Напроситься на визит? Прийти и с порога сказать с наигранной веселостью:

– Без пяти минут кандидат наук горячо приветствует доцента…

Но все это довольно пошло и не для нее. Он начнет расспрашивать ее о семье. Лгать? Выворачивая душу, сказать правду:

– Есть все, кроме счастья, – вызывая ненавистную жалость?

Нарваться на холодок воспитанности:

– Да, да, все это печально…

Или почувствовать такую же отчужденность, как тогда в госпитале? Или – что будет еще больнее – обнаружить у него в доме какую-то женщину, ведь не монах он?

Нет, не будет она звонить и не пойдет к нему.

И все же даже в такой неразделенной любви есть свое счастье, и она не хотела бы, чтобы в ее жизни не было, пусть даже горького, счастья.

Счастливому легко быть добрым, несчастливому трудно не стать злым. Но она не стала злой.

Инка сказала:

– У него усталое лицо, и на висках седина…

Как хотелось бы Лиле усадить Максима – да, да, не Максима Ивановича – в кресло. Он будет в белой рубашке с отложным воротником… А самой сесть у его ног, на скамеечку… Положить голову ему на колени и снизу смотреть в глаза.

Вероятно, у тела есть своя память… Но худо, если ему нечего вспоминать. Его руки никогда не обнимут по-мужски. Учитель, только учитель из детства…

Возвратилась мама с Вовкой. Он был полон впечатлений:

– А торт с орешками… Я два куска съел…

Потом они улеглись, уснули, а Лиля выскользнула на улицу. Горели одинокие фонари. Почти не было прохожих. Она вышла на Пушкинский бульвар и, найдя его дом, села на скамейку в тени акации. Лунный свет ложился на стены домов, тротуары. А на шестом этаже светилось, наверно, его окошко.

Зачем она пришла сюда? Сколько писем – в трудные минуты и в радостях – писала ему, не отправляя. Писала, чтобы не онеметь… Хотя как могла она онеметь, если все время мысленно советовалась с ним, была с ним.
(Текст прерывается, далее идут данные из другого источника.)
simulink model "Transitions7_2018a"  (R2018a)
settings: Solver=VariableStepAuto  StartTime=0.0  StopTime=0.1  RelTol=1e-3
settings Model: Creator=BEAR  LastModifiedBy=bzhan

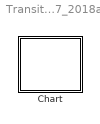
== system Transitions7_2018a ==
  Chart : Stateflow chart  TreatAsAtomicUnit=on

== stateflow chart Transitions7_2018a/Chart ==
  settings: updateMethod=DISCRETE  sampleTime=0.1
  state S
    en: f("enS")
    du: f("duS")
    S -> S [order 1] : {f("ca")}/{f("ta")}
  state T
    en: f("enT")
  (default) -> S : {x=1;}
  S -> T [order 1] : [x>0]
  data: s function_input; x local
  function f(s):
    | function f(s)
    |   fprintf(s+"\n");
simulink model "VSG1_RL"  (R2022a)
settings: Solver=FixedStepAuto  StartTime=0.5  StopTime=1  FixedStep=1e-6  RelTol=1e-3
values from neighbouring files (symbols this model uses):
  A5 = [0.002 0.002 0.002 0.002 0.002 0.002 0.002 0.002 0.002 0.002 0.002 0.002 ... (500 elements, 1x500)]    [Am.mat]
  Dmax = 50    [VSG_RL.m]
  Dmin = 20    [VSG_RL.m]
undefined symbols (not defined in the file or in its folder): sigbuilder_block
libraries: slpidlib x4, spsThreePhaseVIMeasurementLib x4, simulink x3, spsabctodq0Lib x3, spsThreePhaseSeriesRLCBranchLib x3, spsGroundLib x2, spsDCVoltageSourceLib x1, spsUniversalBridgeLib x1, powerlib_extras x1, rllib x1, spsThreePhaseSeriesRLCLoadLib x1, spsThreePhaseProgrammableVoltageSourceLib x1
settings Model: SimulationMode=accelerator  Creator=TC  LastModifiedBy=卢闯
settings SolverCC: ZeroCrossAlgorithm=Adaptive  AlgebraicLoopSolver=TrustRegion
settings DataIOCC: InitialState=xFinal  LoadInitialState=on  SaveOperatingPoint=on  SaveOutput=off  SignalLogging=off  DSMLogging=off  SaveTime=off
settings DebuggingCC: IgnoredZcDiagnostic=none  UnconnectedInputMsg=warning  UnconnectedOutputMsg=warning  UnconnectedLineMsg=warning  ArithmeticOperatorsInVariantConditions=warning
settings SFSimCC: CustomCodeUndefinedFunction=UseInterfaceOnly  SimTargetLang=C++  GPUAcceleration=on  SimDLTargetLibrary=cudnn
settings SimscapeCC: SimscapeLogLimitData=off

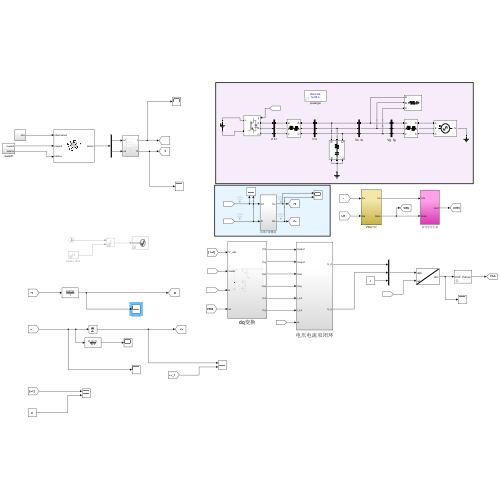
[thumbnail: Simulink's stored preview of the top-level diagram]
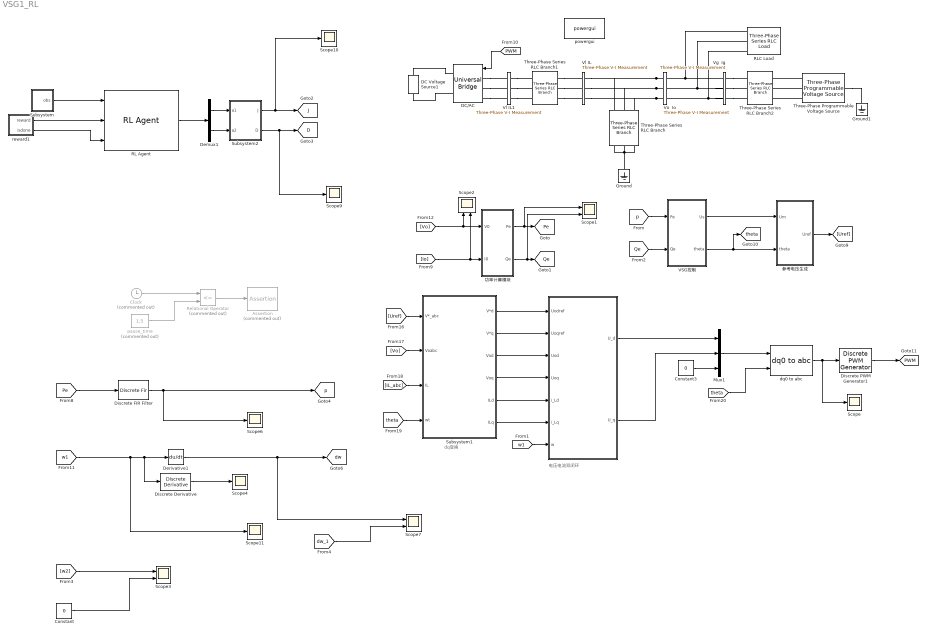
== system VSG1_RL ==
  note: 电压电流双闭环
  note: dq变换
  " " : Subsystem
  Assertion : Assertion  Commented=on  AssertionFailFcn=set_param(bdroot, 'SimulationCommand', 'pause')  StopWhenAssertionFail=off
  Clock : Clock  Commented=on
  Constant : Constant  Value=0
  Constant3 : Constant  Value=0
  DC Voltage Source1 : spsDCVoltageSourceLib/DC Voltage Source  Amplitude=750  Measurements=None
  DC/AC : spsUniversalBridgeLib/Universal Bridge  Arms=3  SnubberResistance=1e5  SnubberCapacitance=inf  Device=IGBT / Diodes  Ron=1e-3  Lon=0  ForwardVoltages="[  0  0  ]"  ForwardVoltage=0  GTOparameters=[ 10e-6 , 20e-6 ]  IGBTparameters=[ 1e-6 , 2e-6 ]  Measurements=None  Measurements_2=None  converterType=Rectifier
  Demux1 : Demux  Outputs=2
  Derivative1 : Derivative
  Discrete PWM Generator1 : powerlib_extras/Discrete  Control Blocks/Discrete PWM Generator  GeneratorMode="3-arm  bridge (6 pulses)"  Fc=10000  Ts=5e-6  Internal=off  mIndex=0.4  Freq=60  Phase=0
      settings: SourceProductBaseCode=PS
  Discrete Derivative : simulink/Discrete/Discrete Derivative  gainval=1.0  ICPrevScaledInput=0.0  OutMin=[]  OutMax=[]  OutDataType=fixdt(1, 16)  OutScaling=2^-10  DoSatur=off
  Discrete FIR Filter : DiscreteFir  Coefficients=A5
  Ground : spsGroundLib/Ground  LConnTagsString=a
  Ground1 : spsGroundLib/Ground  LConnTagsString=a
  Mux1 : Mux  Inputs=3
  RL Agent : rllib/RL Agent  Agent=agent  ExternalActionAsInput=off  ProvideLastAction=off  ProvideCumRwd=off  TreatAsDirectFeedthrough=on  UseStrictObservationDataTypes=off
  RLC Load : spsThreePhaseSeriesRLCLoadLib/Three-Phase Series RLC Load  LConnTagsString=A|B|C  Configuration=Y (grounded)  NominalVoltage=380  Vabc=[1e3 1e3 1e3]  Vabcp=[1e3 1e3 1e3]  NominalFrequency=50  UnbalancedPower=off  ActivePower=10e3  InductivePower=0  CapacitivePower=0  Pabc=[10e3 9e3 11e3]  QLabc=[100 90 110]  QCabc=[100 90 110]  Pabcp=[10e3 9e3 11e3]  QLabcp=[100 90 110]  QCabcp=[100 90 110]  Measurements=Branch voltages and currents  LoadType=constant Z
  Relational Operator : RelationalOperator  Commented=on  Operator=<=  OutDataTypeStr=boolean  RndMeth=Simplest  InputSameDT=off
  Scope{,4,6,9..11} (6 alike) : Scope
  Scope{1..3,7} (4 alike) : Scope  NumInputPorts=2
  Subsystem : Subsystem
  Subsystem1 : Subsystem
  Subsystem2 : Subsystem
  Three-Phase Programmable Voltage Source : spsThreePhaseProgrammableVoltageSourceLib/Three-Phase Programmable Voltage Source  PositiveSequence="[380  0 50]"  VariationEntity=None  VariationType=Table of time-amplitude pairs  VariationTypeAlt=Step  VariationStep=0.5  VariationRate=10  VariationMagnitude=0.3  VariationFrequency=2  VariationTiming=[1 2]  VariationPhaseA=off  Amplitudes=[1 0.8 1.2 1.0]  TimeValues=[0 0.1 0.15 0.2]  HarmonicGeneration=off  HarmonicA=[3 0.2 -25 0]  HarmonicB=[2 0.15 35 2]  Timing="[0.05  3]"  BusType=swing  Pref=0  Qref=0  Qmin=-inf  Qmax=inf
      link override Model/Signal generator/Stair Generator: t=[0.5,1,3,3.5]
  Three-Phase Series RLC Branch : spsThreePhaseSeriesRLCBranchLib/Three-Phase Series RLC Branch  LConnTagsString=A|B|C  RConnTagsString=A|B|C  BranchType=RC  Resistance=1  Inductance=1e-3  Capacitance=20e-6  Measurements=Branch voltages
  Three-Phase Series RLC Branch1 : spsThreePhaseSeriesRLCBranchLib/Three-Phase Series RLC Branch  LConnTagsString=A|B|C  RConnTagsString=A|B|C  BranchType=RL  Resistance=0.1  Inductance=3.2e-3  Capacitance=4.5e-3  Measurements=Branch voltages
  Three-Phase Series RLC Branch2 : spsThreePhaseSeriesRLCBranchLib/Three-Phase Series RLC Branch  LConnTagsString=A|B|C  RConnTagsString=A|B|C  BranchType=RL  Resistance=0.1  Inductance=3.0e-3  Capacitance=4.5e-3  Measurements=Branch voltages
  VSG控制 : Subsystem
  Vg  Ig : spsThreePhaseVIMeasurementLib/Three-Phase V-I Measurement  VoltageMeasurement=phase-to-ground  SetLabelV=on  LabelV=VGG  Vpu=off  VpuLL=off  CurrentMeasurement=yes  SetLabelI=on  LabelI=IGG  Ipu=off  Pbase=Pnom  Vbase=380  OutputType=Complex  PhasorSimulation=off  PSBequivalent=0
  Vl IL : spsThreePhaseVIMeasurementLib/Three-Phase V-I Measurement  VoltageMeasurement=phase-to-ground  SetLabelV=on  LabelV=VL_abc  Vpu=off  VpuLL=off  CurrentMeasurement=yes  SetLabelI=on  LabelI=IL_abc  Ipu=off  Pbase=100e6  Vbase=500e3  OutputType=Complex  PhasorSimulation=off  PSBequivalent=0
  Vl IL1 : spsThreePhaseVIMeasurementLib/Three-Phase V-I Measurement  VoltageMeasurement=phase-to-ground  SetLabelV=on  LabelV=VL  Vpu=off  VpuLL=off  CurrentMeasurement=yes  SetLabelI=on  LabelI=IL  Ipu=off  Pbase=100e6  Vbase=500e3  OutputType=Complex  PhasorSimulation=off  PSBequivalent=0
  Vo  Io : spsThreePhaseVIMeasurementLib/Three-Phase V-I Measurement  VoltageMeasurement=phase-to-ground  SetLabelV=on  LabelV=Vo  Vpu=off  VpuLL=off  CurrentMeasurement=yes  SetLabelI=on  LabelI=Io  Ipu=off  Pbase=Pnom  Vbase=380  OutputType=Complex  PhasorSimulation=off  PSBequivalent=0
  dq0 to abc : spsdq0toabcLib/dq0 to abc  Alignment=90 degrees behind phase A axis
  pause_time : Constant  Commented=on  Value=1.5
  powergui : spspowerguiLib/powergui  Priority=1  SimulationMode=Discrete  SampleTime=1e-6  frequency=60  Iterations=50  frequencyindice=0  Pbase=100e6  ErrMax=1e-4  UnitsV=kV  UnitsW=MW  buscounter=0  FunctionMessages=off  echomessages=off  EnableUseOfTLC=off  CurrentSourceSwitches=off  DisableSnubberDevices=off  DisableRonSwitches=off  DisableVfSwitches=off  DisplayEquations=off  AutomaticDiscreteSolvers=off  SolverType=Tustin/Backward Euler (TBE)  Interpol=off  ExternalGateDelay=off  methode=off  Ts=100  x0status=blocks  SPID=on  SwTol=0  HookPort=off  NonlinearTolerance=1e-4  nMaxIteration=100  ContinueOnMaxIteration=off  RestoreLinks=warning  ResistiveCurrentMeasurement=off  Frange=[0:2:500]  Ylog=off  Xlog=on  ShowGrid=off  save=off  variable=ZData  structure=0  ZoomFFT=off  StartTime=0.0  cycles=1  DisplayStyle=1  fundamental=60  FreqAxis=off  MaxFrequency=1000  frequencyindicesteady=1  RmsSteady=1  display=off
  reward1 : Subsystem
  功率计算模块 : Subsystem
  参考电压生成 : Subsystem
  tag scope: D=global, J=global, PWM=global, Pe=global, Qe=global, dw=global, p=global, theta=global
  wires:
  [PWM] -> DC/AC/1
  Mux1/1 -> dq0 to abc/1
  dq0 to abc/1 -> Scope/1, Discrete PWM Generator1/1
  " "/2(U_q) -> Mux1/2
  Discrete PWM Generator1/1 -> [PWM]
  参考电压生成/1(Uref) -> [Uref]
  [w1] -> " "/7(w)
  [IL_abc] -> Subsystem1/3(IL)
  [theta] -> Subsystem1/4(wt)
  Subsystem1/4(Voq) -> " "/4(Uoq)
  [Uref] -> Subsystem1/1(V*_abc)
  [theta] -> dq0 to abc/2
  [Io] -> 功率计算模块/2(I0), Scope2/2
  Constant3/1 -> Mux1/3
  " "/1(U_d) -> Mux1/1
  Subsystem1/1(V*d) -> " "/1(Uodref)
  [Vo] -> Subsystem1/2(Voabc)
  Subsystem1/2(V*q) -> " "/2(Uoqref)
  VSG控制/2(theta) -> 参考电压生成/2(theta), [theta]
  Subsystem1/5(ILd) -> " "/5(i_Ld)
  Subsystem1/3(Vod) -> " "/3(Uod)
  Subsystem1/6(ILq) -> " "/6(i_Lq)
  [Vo] -> 功率计算模块/1(V0), Scope2/1
  VSG控制/1(Us) -> 参考电压生成/1(Um)
  功率计算模块/1(Pe) -> Scope1/1, [Pe]
  功率计算模块/2(Qe) -> Scope1/2, [Qe]
  [p] -> VSG控制/1(Pe)
  [Qe] -> VSG控制/2(Qe)
  Clock/1 -> Relational Operator/1
  pause_time/1 -> Relational Operator/2
  Relational Operator/1 -> Assertion/1
  [w1] -> Discrete Derivative/1, Derivative1/1, Scope11/1
  [Pe] -> Discrete FIR Filter/1
  Discrete FIR Filter/1 -> [p], Scope6/1
  Subsystem2/2(D) -> Scope9/1, [D]
  Subsystem2/1(J) -> Scope10/1, [J]
  Demux1/1 -> Subsystem2/1(a1)
  Demux1/2 -> Subsystem2/2(a2)
  Subsystem/1(obs) -> RL Agent/1
  RL Agent/1 -> Demux1/1
  Derivative1/1 -> [dw], Scope7/1
  [w2] -> Scope3/1
  Constant/1 -> Scope3/2
  reward1/1(reward) -> RL Agent/2
  Discrete Derivative/1 -> Scope4/1
  [dw_1] -> Scope7/2
  reward1/2(isdone) -> RL Agent/3
  connections:
  Ground/LConn1 -- Three-Phase Series RLC Branch/RConn2 -- Three-Phase Series RLC Branch/RConn3 -- Three-Phase Series RLC Branch/RConn1
  Vo  Io/LConn2 -- Vl IL/RConn2 -- Three-Phase Series RLC Branch/LConn2
  Vo  Io/LConn3 -- Vl IL/RConn3 -- Three-Phase Series RLC Branch/LConn3
  Vo  Io/LConn1 -- Vl IL/RConn1 -- Three-Phase Series RLC Branch/LConn1
  Three-Phase Programmable Voltage Source/RConn3 -- Three-Phase Series RLC Branch2/LConn3
  Vg  Ig/LConn3 -- Vo  Io/RConn3 -- RLC Load/LConn3
  Three-Phase Programmable Voltage Source/RConn2 -- Three-Phase Series RLC Branch2/LConn2
  Three-Phase Series RLC Branch1/LConn2 -- Vl IL/LConn2
  Vg  Ig/LConn1 -- RLC Load/LConn1 -- Vo  Io/RConn1
  Three-Phase Programmable Voltage Source/RConn1 -- Three-Phase Series RLC Branch2/LConn1
  Three-Phase Programmable Voltage Source/LConn1 -- Ground1/LConn1
  Three-Phase Series RLC Branch1/LConn1 -- Vl IL/LConn1
  Vg  Ig/LConn2 -- RLC Load/LConn2 -- Vo  Io/RConn2
  Three-Phase Series RLC Branch1/LConn3 -- Vl IL/LConn3
  Vg  Ig/RConn1 -- Three-Phase Series RLC Branch2/RConn1
  Vg  Ig/RConn2 -- Three-Phase Series RLC Branch2/RConn2
  Vg  Ig/RConn3 -- Three-Phase Series RLC Branch2/RConn3
  DC Voltage Source1/RConn1 -- DC/AC/RConn1
  DC Voltage Source1/LConn1 -- DC/AC/RConn2
  DC/AC/LConn1 -- Vl IL1/LConn1
  Vl IL1/RConn1 -- Three-Phase Series RLC Branch1/RConn1
  DC/AC/LConn2 -- Vl IL1/LConn2
  Vl IL1/RConn2 -- Three-Phase Series RLC Branch1/RConn2
  DC/AC/LConn3 -- Vl IL1/LConn3
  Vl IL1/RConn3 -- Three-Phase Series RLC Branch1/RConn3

И ревела ночами от невозможности нарушить запретную черту: учитель – ученица.

И кровь пульсировала в истосковавшихся губах. Интересно, сколько может вылиться из человека за жизнь тайных слез?

Ей казалось, что она то и дело попадает изо льда в кипяток. А во сне часто представлялось: отстукивает азбукой Морзе то, что хочет сказать Максиму Ивановичу, но не понимает ответ. Силится понять и не может.

Свет в окне на шестом этаже продолжал гореть. Она медленно пошла домой.